Task item:
In the entries below, the lines from the one with "for centre, radius in" through the one with "msp.add_circle(centre, radius, dxfattribs=at)" are to be copied exactly; both ends count.

:: Listed records ::

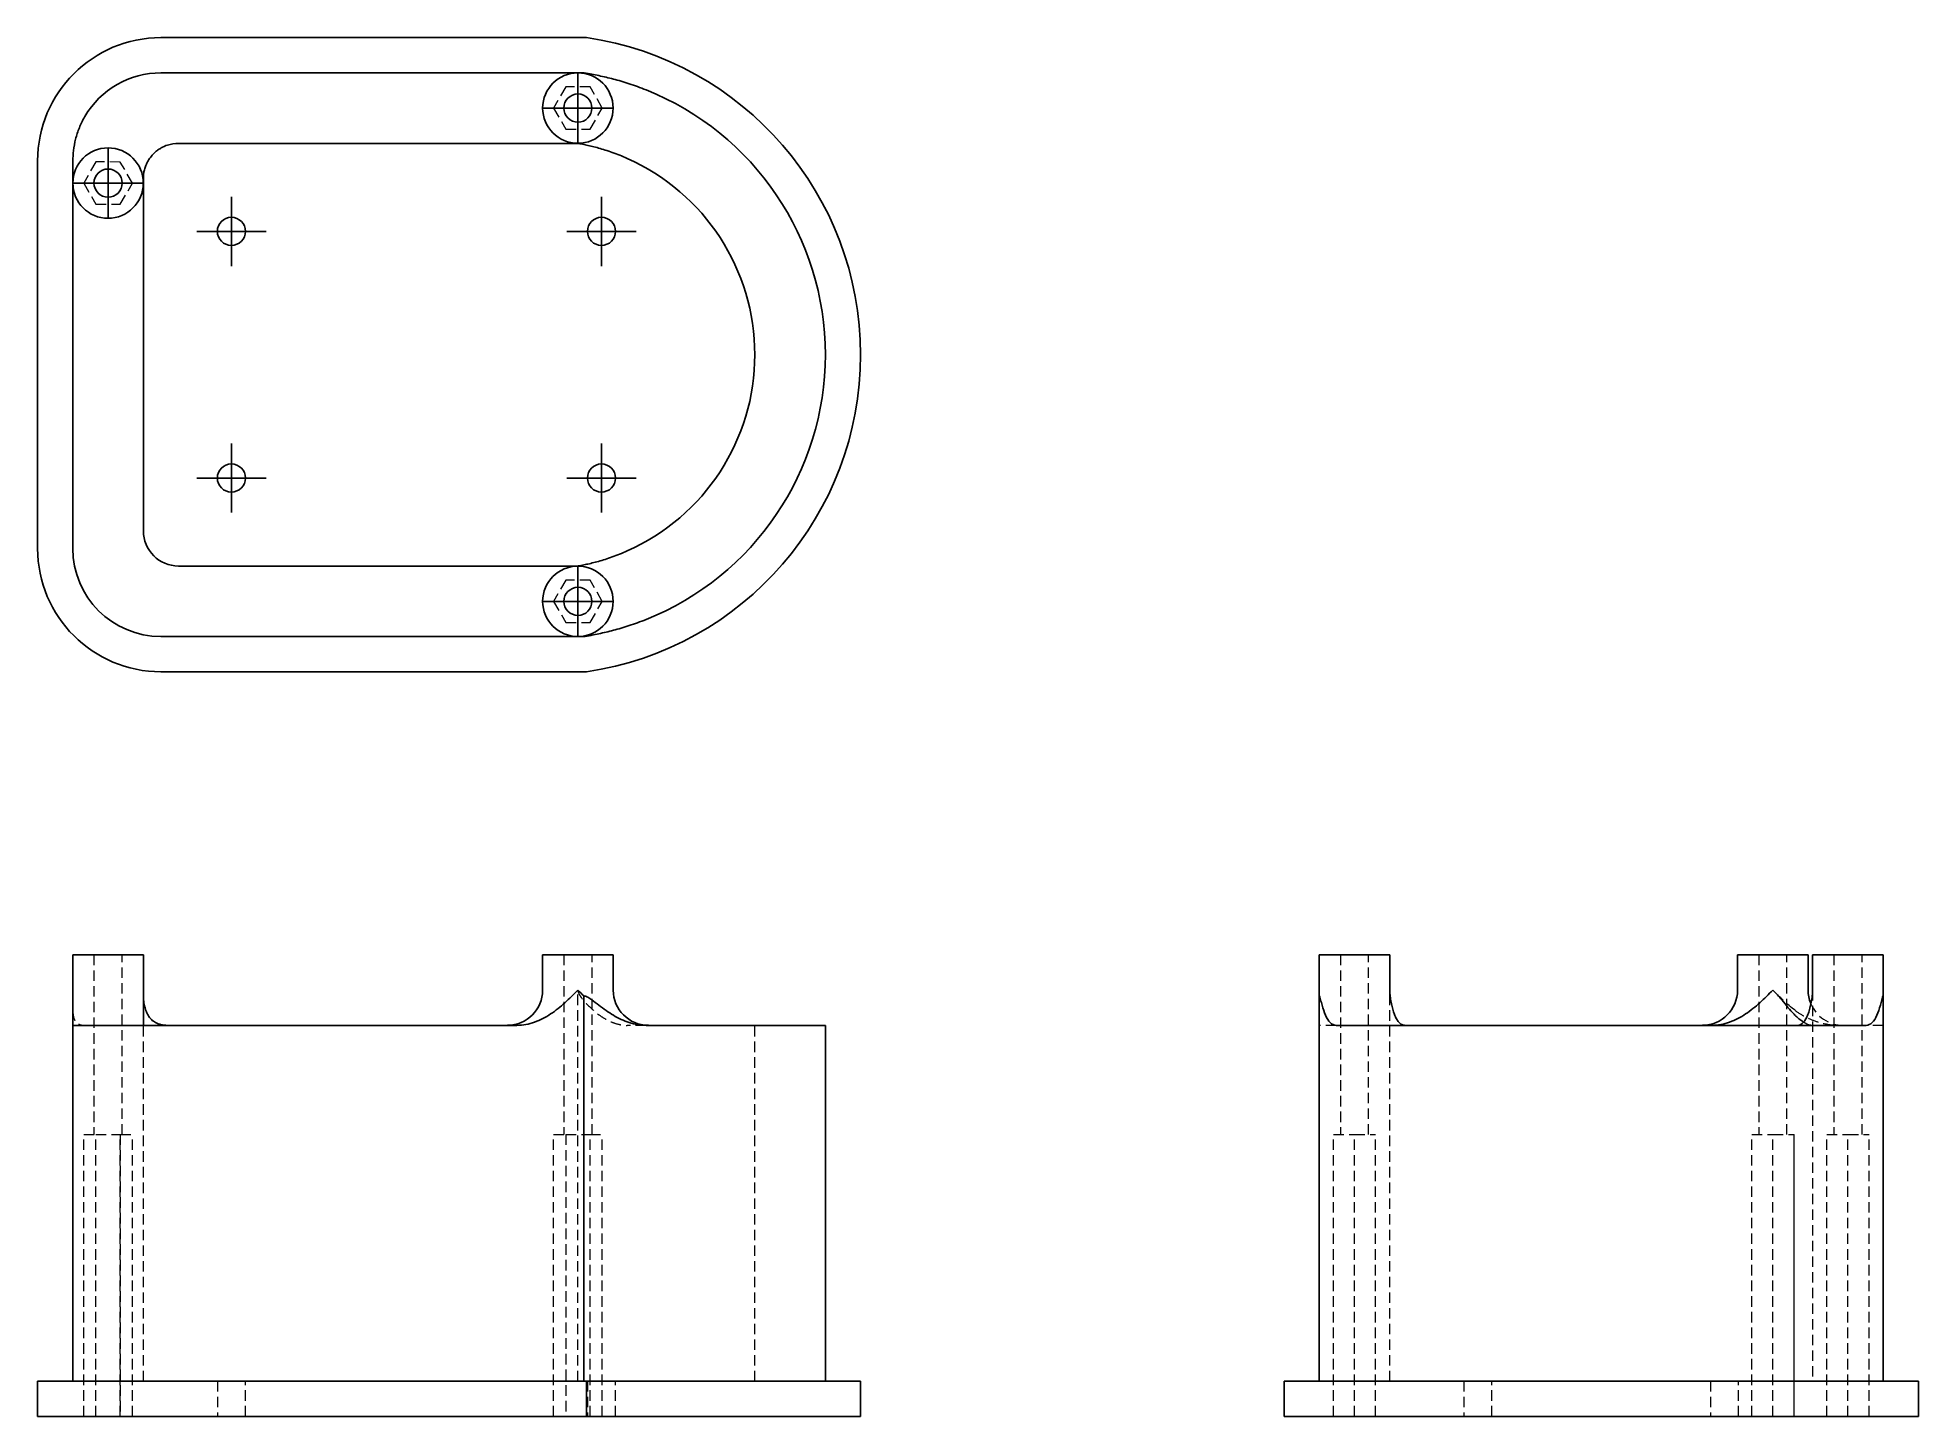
# Model space of a CAD drawing. Header units: millimetres. Extents: x 33 to 262, y 29 to 197.
import ezdxf

# ---------------------------------------------------------------- set-up
doc = ezdxf.new("R2010")
doc.units = ezdxf.units.MM
doc.linetypes.add('HIDDEN', pattern=[1.905, 1.27, -0.635])
doc.layers.add('10', color=7, linetype='Continuous')

# ---------------------------------------------------------------- blocks, each defined once
blk = doc.blocks.new('SW_CENTERMARKSYMBOL_0')
at = {"layer": '10', "color": 0}
for p, q in [((0, 2.5), (0, 4.21)), ((0, 0), (0, 2.5)), ((-2.5, 0), (-4.21, 0)), ((0, 0), (-2.5, 0)), ((0, 0), (0, -2.5)), ((0, 0), (2.5, 0)), ((2.5, 0), (4.21, 0)), ((0, -2.5), (0, -4.21))]:
    blk.add_line(p, q, dxfattribs=at)
blk = doc.blocks.new('SW_CENTERMARKSYMBOL_1')
at = {"layer": '10', "color": 0}
for p, q in [((0, 2.5), (0, 4.21)), ((0, 0), (0, 2.5)), ((-2.5, 0), (-4.21, 0)), ((0, 0), (-2.5, 0)), ((0, 0), (0, -2.5)), ((0, 0), (2.5, 0)), ((2.5, 0), (4.21, 0)), ((0, -2.5), (0, -4.21))]:
    blk.add_line(p, q, dxfattribs=at)
blk = doc.blocks.new('SW_CENTERMARKSYMBOL_2')
at = {"layer": '10', "color": 0}
for p, q in [((0, 2.5), (0, 4.21)), ((0, 0), (0, 2.5)), ((-2.5, 0), (-4.21, 0)), ((0, 0), (-2.5, 0)), ((0, 0), (0, -2.5)), ((0, 0), (2.5, 0)), ((2.5, 0), (4.21, 0)), ((0, -2.5), (0, -4.21))]:
    blk.add_line(p, q, dxfattribs=at)
blk = doc.blocks.new('SW_CENTERMARKSYMBOL_3')
at = {"layer": '10', "color": 0}
for p, q in [((0, 2.5), (0, 4.21)), ((0, 0), (0, 2.5)), ((-2.5, 0), (-4.21, 0)), ((0, 0), (-2.5, 0)), ((0, 0), (0, -2.5)), ((0, 0), (2.5, 0)), ((2.5, 0), (4.21, 0)), ((0, -2.5), (0, -4.21))]:
    blk.add_line(p, q, dxfattribs=at)
blk = doc.blocks.new('SW_CENTERMARKSYMBOL_4')
at = {"layer": '10', "color": 0}
for p, q in [((0, 2.5), (0, 4.21)), ((0, 0), (0, 2.5)), ((-2.5, 0), (-4.21, 0)), ((0, 0), (-2.5, 0)), ((0, 0), (0, -2.5)), ((0, 0), (2.5, 0)), ((2.5, 0), (4.21, 0)), ((0, -2.5), (0, -4.21))]:
    blk.add_line(p, q, dxfattribs=at)
blk = doc.blocks.new('SW_CENTERMARKSYMBOL_5')
at = {"layer": '10', "color": 0}
for p, q in [((0, 2.5), (0, 4.21)), ((0, 0), (0, 2.5)), ((-2.5, 0), (-4.21, 0)), ((0, 0), (-2.5, 0)), ((0, 0), (0, -2.5)), ((0, 0), (2.5, 0)), ((2.5, 0), (4.21, 0)), ((0, -2.5), (0, -4.21))]:
    blk.add_line(p, q, dxfattribs=at)
blk = doc.blocks.new('SW_CENTERMARKSYMBOL_6')
at = {"layer": '10', "color": 0}
for p, q in [((0, 2.5), (0, 4.21)), ((0, 0), (0, 2.5)), ((-2.5, 0), (-4.21, 0)), ((0, 0), (-2.5, 0)), ((0, 0), (0, -2.5)), ((0, 0), (2.5, 0)), ((2.5, 0), (4.21, 0)), ((0, -2.5), (0, -4.21))]:
    blk.add_line(p, q, dxfattribs=at)

msp = doc.modelspace()

# ---------------------------------------------------------------- linework, layer by layer
at = {"color": 7, "linetype": 'Continuous', "lineweight": 25}
for p, q in [((47.99, 196.54), (99.68, 196.54)), ((91.24, 192.26), (47.99, 192.26)), ((50.13, 183.69), (91.24, 183.69)), ((33, 134.45), (33, 181.55)), ((37.28, 171.44), (37.28, 134.45)), ((45.85, 136.59), (45.85, 171.44)), ((91.24, 132.31), (50.13, 132.31)), ((47.99, 123.74), (91.24, 123.74)), ((99.68, 119.46), (47.99, 119.46)), ((37.28, 85.05), (37.28, 80.77)), ((37.28, 85.05), (45.85, 85.05)), ((45.85, 80.77), (45.85, 85.05)), ((94.37, 85.05), (94.37, 80.77)), ((94.37, 85.05), (102.94, 85.05)), ((102.94, 80.77), (102.94, 85.05)), ((188.74, 85.05), (188.74, 80.77)), ((188.74, 85.05), (197.31, 85.05)), ((197.31, 80.77), (197.31, 85.05)), ((239.57, 85.05), (239.57, 80.77)), ((239.57, 85.05), (248.14, 85.05)), ((248.14, 80.77), (248.14, 85.05)), ((248.69, 85.05), (248.69, 80.77)), ((248.69, 85.05), (257.26, 85.05)), ((257.26, 80.77), (257.26, 85.05)), ((99.36, 80.07), (99.36, 33.23)), ((188.74, 80.07), (188.74, 33.23)), ((257.26, 33.23), (257.26, 80.07)), ((37.28, 33.23), (37.28, 76.48)), ((37.28, 76.48), (47.99, 76.48)), ((47.99, 76.48), (91.24, 76.48)), ((106.93, 76.48), (128.72, 76.48)), ((128.72, 33.23), (128.72, 76.48)), ((190.81, 76.48), (255.19, 76.48)), ((33, 33.23), (33, 28.95)), ((47.99, 33.23), (33, 33.23)), ((99.68, 33.23), (47.99, 33.23)), ((99.68, 33.23), (99.68, 28.95)), ((133, 33.23), (99.68, 33.23)), ((133, 28.95), (133, 33.23)), ((184.46, 33.23), (184.46, 28.95)), ((261.54, 33.23), (184.46, 33.23)), ((261.54, 33.23), (261.54, 28.95)), ((47.99, 28.95), (33, 28.95)), ((99.68, 28.95), (47.99, 28.95)), ((133, 28.95), (99.68, 28.95)), ((261.54, 28.95), (184.46, 28.95))]:
    msp.add_line(p, q, dxfattribs=at)
at = {"color": 7, "linetype": 'HIDDEN', "lineweight": 18}
for p, q in [((97.17, 190.55), (95.69, 187.98)), ((100.14, 190.55), (97.17, 190.55)), ((101.62, 187.98), (100.14, 190.55)), ((95.69, 187.98), (97.17, 185.41)), ((100.14, 185.41), (101.62, 187.98)), ((97.17, 185.41), (100.14, 185.41)), ((40.08, 181.43), (38.6, 178.86)), ((43.05, 181.42), (40.08, 181.43)), ((44.53, 178.85), (43.05, 181.42)), ((38.6, 178.86), (40.08, 176.29)), ((43.04, 176.29), (44.53, 178.85)), ((40.08, 176.29), (43.04, 176.29)), ((97.17, 130.59), (95.69, 128.02)), ((100.14, 130.59), (97.17, 130.59)), ((101.62, 128.02), (100.14, 130.59)), ((95.69, 128.02), (97.17, 125.45)), ((100.14, 125.45), (101.62, 128.02)), ((97.17, 125.45), (100.14, 125.45)), ((39.85, 85.05), (39.85, 63.21)), ((43.28, 63.21), (43.28, 85.05)), ((96.94, 85.05), (96.94, 63.21)), ((100.37, 63.21), (100.37, 85.05)), ((191.31, 85.05), (191.31, 63.21)), ((194.74, 63.21), (194.74, 85.05)), ((242.14, 85.05), (242.14, 63.21)), ((245.57, 63.21), (245.57, 85.05)), ((251.26, 85.05), (251.26, 63.21)), ((254.69, 63.21), (254.69, 85.05)), ((98.65, 33.23), (98.65, 80.77)), ((197.31, 33.23), (197.31, 80.77)), ((248.69, 80.77), (248.69, 33.23)), ((45.85, 33.23), (45.85, 76.48)), ((106.93, 76.48), (104.64, 76.48)), ((120.15, 33.23), (120.15, 76.48)), ((190.81, 76.48), (188.74, 76.48)), ((257.26, 76.48), (255.19, 76.48)), ((38.6, 63.21), (40.08, 63.21)), ((38.6, 28.95), (38.6, 63.21)), ((40.08, 63.21), (43.04, 63.21)), ((40.08, 28.95), (40.08, 63.21)), ((40.08, 28.95), (40.08, 63.21)), ((43.04, 28.95), (43.04, 63.21)), ((43.04, 63.21), (44.53, 63.21)), ((43.05, 63.21), (43.05, 28.95)), ((44.53, 28.95), (44.53, 63.21)), ((95.69, 63.21), (97.17, 63.21)), ((95.69, 28.95), (95.69, 63.21)), ((97.17, 63.21), (100.14, 63.21)), ((97.17, 63.21), (97.17, 28.95)), ((100.14, 63.21), (101.62, 63.21)), ((100.14, 28.95), (100.14, 63.21)), ((101.62, 28.95), (101.62, 63.21)), ((190.45, 63.21), (193.02, 63.21)), ((190.45, 28.95), (190.45, 63.21)), ((193.02, 63.21), (195.59, 63.21)), ((193.02, 28.95), (193.02, 63.21)), ((195.59, 28.95), (195.59, 63.21)), ((241.29, 63.21), (243.85, 63.21)), ((241.29, 28.95), (241.29, 63.21)), ((241.29, 28.95), (241.29, 63.21)), ((243.85, 63.21), (246.42, 63.21)), ((243.85, 28.95), (243.85, 63.21)), ((243.86, 28.95), (243.86, 63.21)), ((246.42, 63.21), (246.42, 28.95)), ((246.42, 63.21), (246.43, 63.21)), ((246.43, 28.95), (246.43, 63.21)), ((250.41, 63.21), (252.98, 63.21)), ((250.41, 28.95), (250.41, 63.21)), ((252.98, 63.21), (255.55, 63.21)), ((252.98, 28.95), (252.98, 63.21)), ((255.55, 28.95), (255.55, 63.21)), ((54.84, 33.23), (54.84, 28.95)), ((58.27, 28.95), (58.27, 33.23)), ((99.81, 33.23), (99.81, 28.95)), ((103.23, 28.95), (103.23, 33.23)), ((206.3, 33.23), (206.3, 28.95)), ((209.72, 28.95), (209.72, 33.23)), ((236.28, 33.23), (236.28, 28.95)), ((239.7, 28.95), (239.7, 33.23))]:
    msp.add_line(p, q, dxfattribs=at)
at = {"color": 7, "linetype": 'Continuous', "lineweight": 25}
for centre, radius in [((98.65, 187.98), 4.28), ((98.65, 187.98), 1.71), ((41.56, 178.86), 4.28), ((41.56, 178.86), 1.71), ((56.55, 172.99), 1.71), ((101.52, 172.99), 1.71), ((56.55, 143.01), 1.71), ((101.52, 143.01), 1.71), ((98.65, 128.02), 4.28), ((98.65, 128.02), 1.71)]:
    msp.add_circle(centre, radius, dxfattribs=at)
for centre, radius, start, end in [((47.99, 181.55), 14.99, 90, 180), ((94.05, 158), 38.95, 278.3119, 81.6881), ((47.99, 181.55), 10.71, 90, 149.7794), ((94.05, 158), 34.67, 291.806, 68.194), ((50.13, 179.41), 4.28, 90, 108.4007), ((94.05, 158), 26.1, 293.9469, 66.0531), ((50.13, 136.59), 4.28, 180, 270), ((47.99, 134.45), 14.99, 180, 270), ((47.99, 134.45), 10.71, 180, 270), ((90.09, 80.77), 4.28, 270, 0), ((107.22, 80.77), 4.28, 180, 270), ((235.29, 80.77), 4.28, 270, 0), ((252.42, 80.77), 4.28, 180, 202.0026)]:
    msp.add_arc(centre, radius, start, end, dxfattribs=at)
at = {"color": 7, "linetype": 'HIDDEN', "lineweight": 18}
msp.add_arc((252.42, 80.77), 4.28, 202.0026, 270, dxfattribs=at)
at = {"color": 7, "linetype": 'Continuous', "lineweight": 25}
for points, knots in [([(91.24, 192.26), (91.98, 192.26), (92.7, 192.26), (94.09, 192.26), (94.73, 192.26), (95.65, 192.26), (95.95, 192.26), (96.52, 192.26), (96.8, 192.26), (97.34, 192.26), (97.61, 192.26), (98.13, 192.26), (98.39, 192.26), (98.65, 192.26)], [0, 0, 0, 0, 0.25, 0.25, 0.5, 0.5, 0.625, 0.625, 0.75, 0.75, 0.875, 0.875, 1, 1, 1, 1]), ([(106.93, 190.19), (106.24, 190.46), (105.56, 190.71), (104.22, 191.15), (103.58, 191.34), (102.36, 191.66), (101.77, 191.8), (100.91, 191.98), (100.62, 192.04), (100.18, 192.12), (100.03, 192.15), (99.79, 192.19), (99.71, 192.2), (99.54, 192.23), (99.45, 192.24), (99.36, 192.26)], [0, 0, 0, 0, 0.25, 0.25, 0.5, 0.5, 0.75, 0.75, 0.875, 0.875, 0.9375, 0.9375, 0.96875, 0.96875, 1, 1, 1, 1]), ([(37.28, 181.55), (37.28, 181.96), (37.31, 182.38), (37.41, 183.27), (37.5, 183.74), (37.73, 184.66), (37.88, 185.13), (38.26, 186.05), (38.48, 186.5), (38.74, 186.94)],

:::

Problem solution:
for centre, radius in [((98.65, 187.98), 4.28), ((98.65, 187.98), 1.71), ((41.56, 178.86), 4.28), ((41.56, 178.86), 1.71), ((56.55, 172.99), 1.71), ((101.52, 172.99), 1.71), ((56.55, 143.01), 1.71), ((101.52, 143.01), 1.71), ((98.65, 128.02), 4.28), ((98.65, 128.02), 1.71)]:
    msp.add_circle(centre, radius, dxfattribs=at)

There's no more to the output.